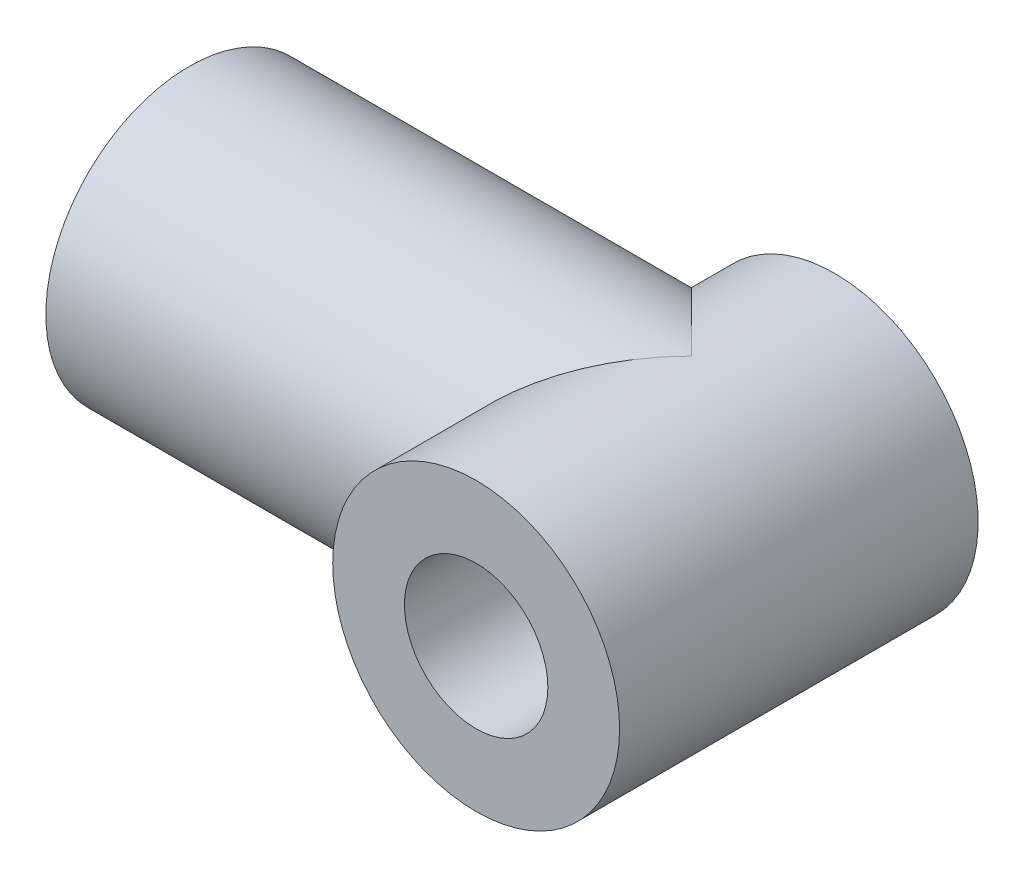
SolidWorks part; units mm, degrees
ref_plane "Front Plane" through (0, 0, 0) normal (0, 0, 1) x (1, 0, 0)
ref_plane "Top Plane" through (0, 0, 0) normal (0, 1, 0) x (1, 0, 0)
ref_plane "Right Plane" through (0, 0, 0) normal (1, 0, 0) x (0, 0, -1)
sketch "Sketch1" plane through (0, 0, 0) normal (0, 0, 1) x (1, 0, 0)
  circle A0 centre (0, 0) radius 3
  circle A1 centre (0, 0) radius 6
  dimension "D1" = 6
  dimension "D2" = 12
extrude "Boss-Extrude1" add sketch "Sketch1" along normal blind 15
sketch "Sketch2" plane through (0, 0, 0) normal (1, 0, 0) x (0, 0, -1)
  line L0 (0, -6) -> (0, 6) construction
  circle A0 centre (-6, 0) radius 3
  circle A1 centre (-6, 0) radius 6
  dimension "D1" = 6
  dimension "D2" = 12
  dimension "D3" = 6
extrude "Boss-Extrude2" add sketch "Sketch2" against normal blind 21
sketch "Sketch3" plane through (0, 0, 0) normal (0, 0, -1) x (-1, 0, 0)
  circle A0 centre (0, 0) radius 3
extrude "Cut-Extrude1" cut sketch "Sketch3" against normal through all
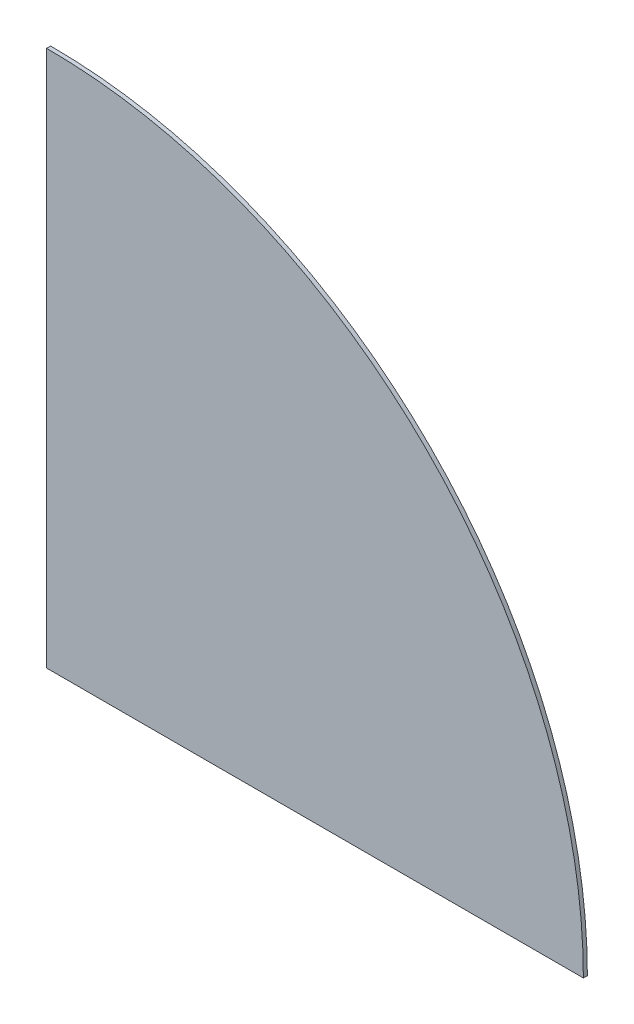
SolidWorks part; units mm, degrees
material "pcb"
ref_plane "Front Plane" through (0, 0, 0) normal (0, 0, 1) x (1, 0, 0)
ref_plane "Top Plane" through (0, 0, 0) normal (0, 1, 0) x (1, 0, 0)
ref_plane "Right Plane" through (0, 0, 0) normal (1, 0, 0) x (0, 0, -1)
sketch "Sketch1" plane through (0, 0, 0) normal (0, 0, 1) x (1, 0, 0)
  line L1 (-31, -334) -> (-165.4084, -334)
  line L2 (-165.4084, -334) -> (-165.4084, -199.5916)
  arc A0 (-165.4084, -199.5916) -> (-31, -334) centre (-165.4084, -334) cw
extrude "Boss-Extrude1" add sketch "Sketch1" along normal blind 1 contours A0 L1 L2

◆ Task statement
Only the lines from the one containing "arc A0 (-165.4084, -199.5916)" to the end of the data should be printed, exactly as they stand.

◆ Solution to this exercise
  arc A0 (-165.4084, -199.5916) -> (-31, -334) centre (-165.4084, -334) cw
extrude "Boss-Extrude1" add sketch "Sketch1" along normal blind 1 contours A0 L1 L2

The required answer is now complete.